Bir ölümün üstünden konuşmak neye yarar diyen bir yanımla, ölümün tesellisini bulmazsak başkaları da ölümüne sebep olacak kıvılcımın kaynağı olduğunu bilen yanımın arasındaki ince çizgide hiçbir şeye dokunmadan yeşil hattın kuzeyine ulaştım.
“Oh be!..”, “Of be!…” ye dönüşerek devam ettim yoluma.
Arabaya bindiğimde ise önümde yavaş hareket eden Kıbrıslı Rum plakalı arabaları gördüm.
Tellerin ardından evini arayan Derinyalılardı bunlar.
Diğer taraftan bir kadının “Triandafili mou” dediğini duydum, deniz kenarındaki bir yeri göstererek. Kırık Rumca bilgim “Gül’üm” anlamına geldiğini bildiğim bu sözün muhtemelen deniz kenarındaki tesisin adı olduğunu düşündürdü…
Derinyalı yaşlılar, daha çok da kadınlar yürüyordu terk edilmiş evlerin yanında, ellerini tellere dayayarak içeriyi görmeye çalışan insanlar vardı.

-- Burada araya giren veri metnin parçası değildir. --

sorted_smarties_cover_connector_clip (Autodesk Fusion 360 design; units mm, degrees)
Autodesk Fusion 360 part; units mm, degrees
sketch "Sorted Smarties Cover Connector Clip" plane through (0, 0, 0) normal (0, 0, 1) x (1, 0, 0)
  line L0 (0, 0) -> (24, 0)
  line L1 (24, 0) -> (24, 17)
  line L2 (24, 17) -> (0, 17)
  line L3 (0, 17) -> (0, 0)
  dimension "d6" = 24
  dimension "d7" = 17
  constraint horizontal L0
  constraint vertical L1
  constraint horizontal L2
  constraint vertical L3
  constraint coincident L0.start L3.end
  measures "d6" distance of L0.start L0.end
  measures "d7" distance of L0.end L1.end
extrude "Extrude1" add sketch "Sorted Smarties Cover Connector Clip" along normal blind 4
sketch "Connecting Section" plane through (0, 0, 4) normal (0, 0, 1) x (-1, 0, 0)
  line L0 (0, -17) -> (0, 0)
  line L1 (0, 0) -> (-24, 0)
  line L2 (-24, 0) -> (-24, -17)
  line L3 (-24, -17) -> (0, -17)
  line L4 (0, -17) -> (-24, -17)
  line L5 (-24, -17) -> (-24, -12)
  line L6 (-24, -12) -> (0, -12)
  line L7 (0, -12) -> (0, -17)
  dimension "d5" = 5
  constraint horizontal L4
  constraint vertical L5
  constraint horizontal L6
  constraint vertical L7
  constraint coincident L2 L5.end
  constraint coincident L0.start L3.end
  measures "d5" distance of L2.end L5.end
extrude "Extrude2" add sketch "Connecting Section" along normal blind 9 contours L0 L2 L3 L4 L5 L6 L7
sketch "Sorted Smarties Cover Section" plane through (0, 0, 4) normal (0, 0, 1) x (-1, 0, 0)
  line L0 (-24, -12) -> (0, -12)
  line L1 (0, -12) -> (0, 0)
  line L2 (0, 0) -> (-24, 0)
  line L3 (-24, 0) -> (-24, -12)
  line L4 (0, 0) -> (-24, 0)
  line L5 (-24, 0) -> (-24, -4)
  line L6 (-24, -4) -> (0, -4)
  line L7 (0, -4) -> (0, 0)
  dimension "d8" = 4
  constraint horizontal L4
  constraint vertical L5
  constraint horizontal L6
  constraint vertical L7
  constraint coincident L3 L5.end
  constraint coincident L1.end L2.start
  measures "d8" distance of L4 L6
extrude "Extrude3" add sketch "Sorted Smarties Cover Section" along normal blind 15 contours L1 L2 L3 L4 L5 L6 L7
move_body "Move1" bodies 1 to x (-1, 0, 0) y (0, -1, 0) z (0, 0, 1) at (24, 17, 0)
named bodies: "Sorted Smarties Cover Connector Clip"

Tüm bunları yaşayınca; sorumluluğun ne kadar fazla yapılacak işlerin ne kadar çok ve barışın ne kadar değerli olduğunun bir kez daha farkına vardım.
Bu yazı yazıldığında, Mustafa Akıncı basın toplantısını henüz gerçekleştirmemiş olacak. Eminim ki dönüşümlü başkanlık, etkin katılım ve daha bir sürü konularda Anastasiadis’in söylemediklerinden şikayet edecek. Doğal gaz ile ilgili önemli şeyler söyleyecek.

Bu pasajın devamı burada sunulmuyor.